Seule une succession sur 20 au Royaume-Uni est désormais soumise à des droits de succession (IHT), mais c'est un sujet qui suscite toujours de vives émotions. Certains groupes de réflexion affirment qu'il existe des failles dans les règles qui permettent aux plus aisés d'éviter de payer leur juste part et qui doivent être comblées, tandis que d'autres, comme la TaxPayers' Alliance, ont exhorté Rachel Reeves à exclure l'augmentation de cet « impôt sur la mort détesté ». .
Qu'est-ce que les droits de succession ?
En termes simples, il s’agit d’un impôt payé sur les actifs (propriétés, possessions et argent) d’une personne après son décès, mais seulement si elle laisse suffisamment d’argent pour dépasser un certain seuil.

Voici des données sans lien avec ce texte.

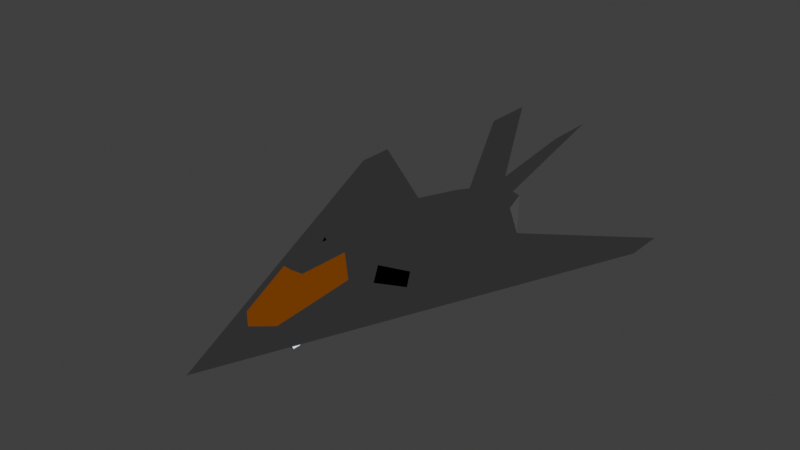 # Source: f117.blend  (saved by Blender 5.2.44; exported with 4.5.12 LTS)
import bpy
from mathutils import Matrix  # noqa: F401  (used for matrix-valued properties, if any)

bpy.ops.wm.read_factory_settings(use_empty=True)
scene = bpy.context.scene
scene.name = 'Scene'

# ---- collections
col_collection = bpy.data.collections.new('Collection'); scene.collection.children.link(col_collection)
col_f117_rig = bpy.data.collections.new('F117 rig'); col_collection.children.link(col_f117_rig)

# ---- materials (node trees are filled in below, after node groups)
mat_vga_019_2d2d2d = bpy.data.materials.new('VGA_019_2D2D2D')
mat_vga_019_2d2d2d.diffuse_color = (0.02624, 0.02624, 0.02624, 1.0)
mat_vga_114_713900 = bpy.data.materials.new('VGA_114_713900')
mat_vga_114_713900.diffuse_color = (0.1651, 0.04092, 0.0, 1.0)
mat_vga_016_000000 = bpy.data.materials.new('VGA_016_000000')
mat_vga_016_000000.diffuse_color = (0.0, 0.0, 0.0, 1.0)
mat_vga_021_454545 = bpy.data.materials.new('VGA_021_454545')
mat_vga_021_454545.diffuse_color = (0.05951, 0.05951, 0.05951, 1.0)
mat_well_5e7258 = bpy.data.materials.new('Well_5E7258')
mat_well_5e7258.diffuse_color = (0.1119, 0.1683, 0.09759, 1.0)
mat_gear_c9d0d6 = bpy.data.materials.new('Gear_C9D0D6')
mat_gear_c9d0d6.diffuse_color = (0.5841, 0.6308, 0.6724, 1.0)
mat_tyre_1e1e1e = bpy.data.materials.new('Tyre_1E1E1E')
mat_tyre_1e1e1e.diffuse_color = (0.01298, 0.01298, 0.01298, 1.0)

# ---- material node trees
mat_vga_019_2d2d2d.use_nodes = True; mat_vga_019_2d2d2d.node_tree.nodes.clear()
_N = mat_vga_019_2d2d2d.node_tree.nodes; _L = mat_vga_019_2d2d2d.node_tree.links
n0 = _N.new('ShaderNodeEmission'); n0.name = 'Emission'; n0.location = (0, 0)
n0.inputs[0].default_value = (0.02624, 0.02624, 0.02624, 1.0)
n1 = _N.new('ShaderNodeOutputMaterial'); n1.name = 'Material Output'; n1.location = (220, 0)
_L.new(n0.outputs[0], n1.inputs[0])
n1.is_active_output = True
mat_vga_114_713900.use_nodes = True; mat_vga_114_713900.node_tree.nodes.clear()
_N = mat_vga_114_713900.node_tree.nodes; _L = mat_vga_114_713900.node_tree.links
n0 = _N.new('ShaderNodeEmission'); n0.name = 'Emission'; n0.location = (0, 0)
n0.inputs[0].default_value = (0.1651, 0.04092, 0.0, 1.0)
n1 = _N.new('ShaderNodeOutputMaterial'); n1.name = 'Material Output'; n1.location = (220, 0)
_L.new(n0.outputs[0], n1.inputs[0])
n1.is_active_output = True
mat_vga_016_000000.use_nodes = True; mat_vga_016_000000.node_tree.nodes.clear()
_N = mat_vga_016_000000.node_tree.nodes; _L = mat_vga_016_000000.node_tree.links
n0 = _N.new('ShaderNodeEmission'); n0.name = 'Emission'; n0.location = (0, 0)
n0.inputs[0].default_value = (0.0, 0.0, 0.0, 1.0)
n1 = _N.new('ShaderNodeOutputMaterial'); n1.name = 'Material Output'; n1.location = (220, 0)
_L.new(n0.outputs[0], n1.inputs[0])
n1.is_active_output = True
mat_vga_021_454545.use_nodes = True; mat_vga_021_454545.node_tree.nodes.clear()
_N = mat_vga_021_454545.node_tree.nodes; _L = mat_vga_021_454545.node_tree.links
n0 = _N.new('ShaderNodeEmission'); n0.name = 'Emission'; n0.location = (0, 0)
n0.inputs[0].default_value = (0.05951, 0.05951, 0.05951, 1.0)
n1 = _N.new('ShaderNodeOutputMaterial'); n1.name = 'Material Output'; n1.location = (220, 0)
_L.new(n0.outputs[0], n1.inputs[0])
n1.is_active_output = True
mat_well_5e7258.use_nodes = True; mat_well_5e7258.node_tree.nodes.clear()
_N = mat_well_5e7258.node_tree.nodes; _L = mat_well_5e7258.node_tree.links
n0 = _N.new('ShaderNodeEmission'); n0.name = 'Emission'; n0.location = (0, 0)
n0.inputs[0].default_value = (0.1119, 0.1683, 0.09759, 1.0)
n1 = _N.new('ShaderNodeOutputMaterial'); n1.name = 'Material Output'; n1.location = (220, 0)
_L.new(n0.outputs[0], n1.inputs[0])
n1.is_active_output = True
mat_gear_c9d0d6.use_nodes = True; mat_gear_c9d0d6.node_tree.nodes.clear()
_N = mat_gear_c9d0d6.node_tree.nodes; _L = mat_gear_c9d0d6.node_tree.links
n0 = _N.new('ShaderNodeEmission'); n0.name = 'Emission'; n0.location = (0, 0)
n0.inputs[0].default_value = (0.5841, 0.6308, 0.6724, 1.0)
n1 = _N.new('ShaderNodeOutputMaterial'); n1.name = 'Material Output'; n1.location = (220, 0)
_L.new(n0.outputs[0], n1.inputs[0])
n1.is_active_output = True
mat_tyre_1e1e1e.use_nodes = True; mat_tyre_1e1e1e.node_tree.nodes.clear()
_N = mat_tyre_1e1e1e.node_tree.nodes; _L = mat_tyre_1e1e1e.node_tree.links
n0 = _N.new('ShaderNodeEmission'); n0.name = 'Emission'; n0.location = (0, 0)
n0.inputs[0].default_value = (0.01298, 0.01298, 0.01298, 1.0)
n1 = _N.new('ShaderNodeOutputMaterial'); n1.name = 'Material Output'; n1.location = (220, 0)
_L.new(n0.outputs[0], n1.inputs[0])
n1.is_active_output = True

# ---- world
world_world = bpy.data.worlds.new('World'); scene.world = world_world
world_world.use_nodes = True; world_world.node_tree.nodes.clear()
_N = world_world.node_tree.nodes; _L = world_world.node_tree.links
n0 = _N.new('ShaderNodeOutputWorld'); n0.name = 'World Output'; n0.location = (200, 100)
n1 = _N.new('ShaderNodeBackground'); n1.name = 'Background'; n1.location = (-200, 100)
n1.inputs[0].default_value = (0.05088, 0.05088, 0.05088, 1.0)
_L.new(n1.outputs[0], n0.inputs[0])
n0.is_active_output = True
world_world.color = (0.05088, 0.05088, 0.05088)
world_world.sun_shadow_jitter_overblur = 0.0

# ---- lights
light_navlight_l = bpy.data.lights.new('NavLight_L', 'POINT')
light_navlight_l.color = (1.0, 0.1647, 0.102)
light_navlight_l.energy = 20.0
light_navlight_l.shadow_soft_size = 0.02
light_navlight_r = bpy.data.lights.new('NavLight_R', 'POINT')
light_navlight_r.color = (0.1333, 1.0, 0.3333)
light_navlight_r.energy = 20.0
light_navlight_r.shadow_soft_size = 0.02
light_navlight_tail = bpy.data.lights.new('NavLight_Tail', 'POINT')
light_navlight_tail.energy = 20.0
light_navlight_tail.shadow_soft_size = 0.02
light_beacon_top = bpy.data.lights.new('Beacon_Top', 'POINT')
light_beacon_top.color = (1.0, 0.1333, 0.0)
light_beacon_top.energy = 60.0
light_beacon_top.shadow_soft_size = 0.02
light_beacon_bottom = bpy.data.lights.new('Beacon_Bottom', 'POINT')
light_beacon_bottom.color = (1.0, 0.1333, 0.0)
light_beacon_bottom.energy = 0.0
light_beacon_bottom.shadow_soft_size = 0.02
light_landinglight = bpy.data.lights.new('LandingLight', 'SPOT')
light_landinglight.color = (1.0, 0.949, 0.8392)
light_landinglight.energy = 400.0
light_landinglight.shadow_soft_size = 0.02
light_landinglight.spot_blend = 0.4
light_landinglight.spot_size = 0.4189

# ---- meshes
me_f_117 = bpy.data.meshes.new('F-117')
me_f_117.from_pydata([(-5.077, 2.0, 0.3), (-3.385, -2.0, 0.3), (-3.2, 2.4, 0.62), (-2.1, 2.0, 0.9), (-2.1, -2.0, 0.6), (-2.4, 4.2, 0.3), (-6.6, 7.2, 0.3), (0.0, -7.4, 0.8), (-1.05, -3.8, 1.3), (-0.55, -3.4, 2.0), (-1.15, -2.4, 1.3), (0.0, -10.0, 0.3), (-1.692, -6.0, 0.3), (-1.2, -2.7, 0.75), (-2.0, -1.7, 1.05), (-0.6, 1.5, 1.55), (-0.4, 5.5, 0.9), (-0.6, 7.0, 0.3), (-1.3, 5.3, 0.6), (0.0, 1.5, 1.6), (0.0, -3.4, 2.05), (0.0, -5.4, 2.0), (0.55, -3.4, 2.0), (1.15, -2.4, 1.3), (0.6, 1.5, 1.55), (0.6, 7.0, 0.3), (0.0, 7.2, 0.3), (3.2, 2.4, 0.62), (3.385, -2.0, 0.3), (5.077, 2.0, 0.3), (2.1, 2.0, 0.9), (0.7, -6.8, 0.8), (2.1, -2.0, 0.6), (1.2, -2.7, 0.75), (2.0, -1.7, 1.05), (0.4, 5.5, 0.9), (1.692, -6.0, 0.3), (-0.42, -5.3, 1.95), (0.0, 5.5, 0.95), (1.05, -3.8, 1.3), (0.42, -5.3, 1.95), (1.3, 5.3, 0.6), (6.6, 5.6, 0.3), (6.6, 7.2, 0.3), (-0.7, -6.8, 0.8), (-6.6, 5.6, 0.3), (0.0, -8.8, 0.0), (-2.1, 3.5, 0.0), (-2.3, -2.0, 1.669e-10), (-0.5, 6.5, 0.0), (0.5, 6.5, 0.0), (0.0, 6.8, 0.0), (2.1, 3.5, 0.0), (2.4, 4.2, 0.3), (2.3, -2.0, 7.614e-09), (-3.186, 3.84, 0.4244), (-3.861, 4.322, 0.1174), (3.861, 4.322, 0.1174), (2.75, 4.45, 0.3), (2.937, 4.188, 0.0558), (3.096, 3.965, 0.06643), (3.186, 3.84, 0.07827), (3.186, 3.84, 0.4244), (4.886, 5.054, 0.1857), (4.886, 5.054, 0.4244), (4.45, 5.664, 0.3), (4.554, 5.518, 0.1636), (5.455, 5.583, 0.4078), (6.6, 6.401, 0.3), (4.6, 5.771, 0.3), (4.697, 5.635, 0.1731), (4.978, 5.243, 0.1919), (4.978, 5.243, 0.4078), (6.374, 6.882, 0.3212), (6.6, 6.566, 0.3), (6.3, 6.986, 0.3), (6.315, 6.965, 0.281), (-3.186, 3.84, 0.07827), (-2.75, 4.45, 0.3), (-2.937, 4.188, 0.0558), (-3.096, 3.965, 0.06643), (-4.886, 5.054, 0.4244), (-4.886, 5.054, 0.1857), (-4.45, 5.664, 0.3), (-4.554, 5.518, 0.1636), (-6.6, 6.401, 0.3), (-5.455, 5.583, 0.4078), (-4.6, 5.771, 0.3), (-4.697, 5.635, 0.1731), (-4.978, 5.243, 0.4078), (-4.978, 5.243, 0.1919), (-6.3, 6.986, 0.3), (-6.315, 6.965, 0.281), (-6.374, 6.882, 0.3212), (-6.6, 6.566, 0.3)], [], [(52, 54, 46, 48, 47, 49, 51, 50), (3, 2, 4), (93, 91, 6), (11, 7, 44), (8, 9, 10), (11, 44, 12), (12, 44, 8), (4, 1, 13), (13, 10, 4), (14, 4, 10), (10, 15, 14), (3, 14, 15), (5, 3, 18), (16, 17, 18), (38, 19, 35), (20, 9, 21), (22, 23, 24), (35, 19, 24), (38, 35, 25), (26, 38, 25), (27, 30, 32), (31, 36, 39), (32, 33, 28), (22, 39, 23), (33, 32, 23), (32, 34, 23), (24, 23, 34), (34, 30, 24), (30, 53, 41), (3, 15, 16, 18), (25, 35, 41), (36, 31, 11), (7, 11, 31), (21, 37, 7), (15, 10, 9), (16, 15, 19), (19, 38, 16), (17, 16, 38), (38, 26, 17), (31, 40, 7), (40, 21, 7), (40, 31, 39), (39, 22, 40), (21, 40, 22), (22, 20, 21), (20, 22, 24), (24, 19, 20), (39, 36, 33), (36, 28, 33), (39, 33, 23), (34, 32, 30), (28, 27, 32), (71, 68, 42, 57, 63, 66, 70), (74, 43, 73), (41, 53, 25), (44, 7, 37), (44, 37, 8), (8, 37, 9), (37, 21, 9), (19, 15, 20), (9, 20, 15), (8, 13, 12), (1, 12, 13), (10, 13, 8), (4, 14, 3), (2, 1, 4), (56, 45, 85, 90, 88, 84, 82), (3, 5, 2), (5, 18, 17), (12, 46, 11), (47, 48, 0), (92, 6, 91), (5, 49, 47), (5, 17, 49), (25, 50, 51), (25, 51, 26), (76, 75, 43), (52, 29, 54), (53, 52, 50), (53, 50, 25), (36, 11, 46), (46, 54, 36), (55, 81, 83, 87, 89, 86, 2, 5, 78), (51, 49, 17), (17, 26, 51), (48, 46, 12), (2, 86, 85, 45), (36, 54, 29, 28), (52, 59, 60), (42, 68, 67, 27), (52, 53, 58, 59), (75, 73, 43), (76, 43, 74), (27, 67, 72, 69, 65, 64, 62, 58, 53), (24, 30, 41, 35), (57, 42, 29, 52, 60, 61), (66, 65, 69, 70), (47, 79, 78, 5), (47, 80, 79), (47, 0, 45, 56, 77, 80), (27, 53, 30), (92, 94, 6), (12, 1, 0, 48), (27, 28, 29, 42), (84, 88, 87, 83), (2, 45, 0, 1), (6, 94, 93)])
me_f_117.polygons.foreach_set('material_index', [0, 0, 0, 0, 0, 0, 0, 0, 2, 2, 0, 0, 0, 0, 0, 0, 0, 0, 0, 0, 0, 0, 0, 0, 2, 2, 0, 0, 0, 0, 0, 0, 0, 1, 0, 0, 0, 0, 0, 1, 1, 1, 1, 0, 0, 0, 0, 0, 0, 0, 0, 0, 0, 0, 3, 1, 1, 1, 0, 0, 0, 0, 0, 0, 0, 0, 0, 0, 3, 0, 0, 0, 0, 0, 0, 0, 0, 0, 0, 0, 0, 0, 0, 0, 0, 0, 0, 0, 0, 0, 0, 0, 0, 0, 0, 0, 0, 0, 0, 0, 0, 0, 0, 0, 0, 0, 0])
me_f_117.materials.append(mat_vga_019_2d2d2d)
me_f_117.materials.append(mat_vga_114_713900)
me_f_117.materials.append(mat_vga_016_000000)
me_f_117.materials.append(mat_vga_021_454545)
me_f_117.materials.append(mat_well_5e7258)
me_f_117.update()
me_elevonin_l = bpy.data.meshes.new('ElevonIn_L')
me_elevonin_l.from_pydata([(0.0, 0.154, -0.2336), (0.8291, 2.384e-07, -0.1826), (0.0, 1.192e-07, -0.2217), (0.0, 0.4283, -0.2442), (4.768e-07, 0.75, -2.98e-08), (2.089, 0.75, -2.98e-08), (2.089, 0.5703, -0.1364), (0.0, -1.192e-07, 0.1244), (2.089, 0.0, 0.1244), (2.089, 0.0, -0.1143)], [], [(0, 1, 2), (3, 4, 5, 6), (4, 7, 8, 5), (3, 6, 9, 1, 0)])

Le taux standard de l'IHT est de 40 % et il n'est facturé que sur la partie de la succession qui dépasse le seuil d'exonération d'impôt, qui s'élève désormais à 325 000 £.
Cependant, les règles sont complexes : il existe divers abattements et abattements non imposables, ainsi que des exonérations pour des éléments tels que les terres agricoles, les entreprises, les actions de sociétés cotées à la bourse Aim et les retraites.
Ceux-ci minimiseront souvent la facture IHT ou signifieront qu’il n’y a rien à payer.
Qui le paie ?
Au cours de l’année fiscale 2021-2022, 27 800 décès ont donné lieu à une factu...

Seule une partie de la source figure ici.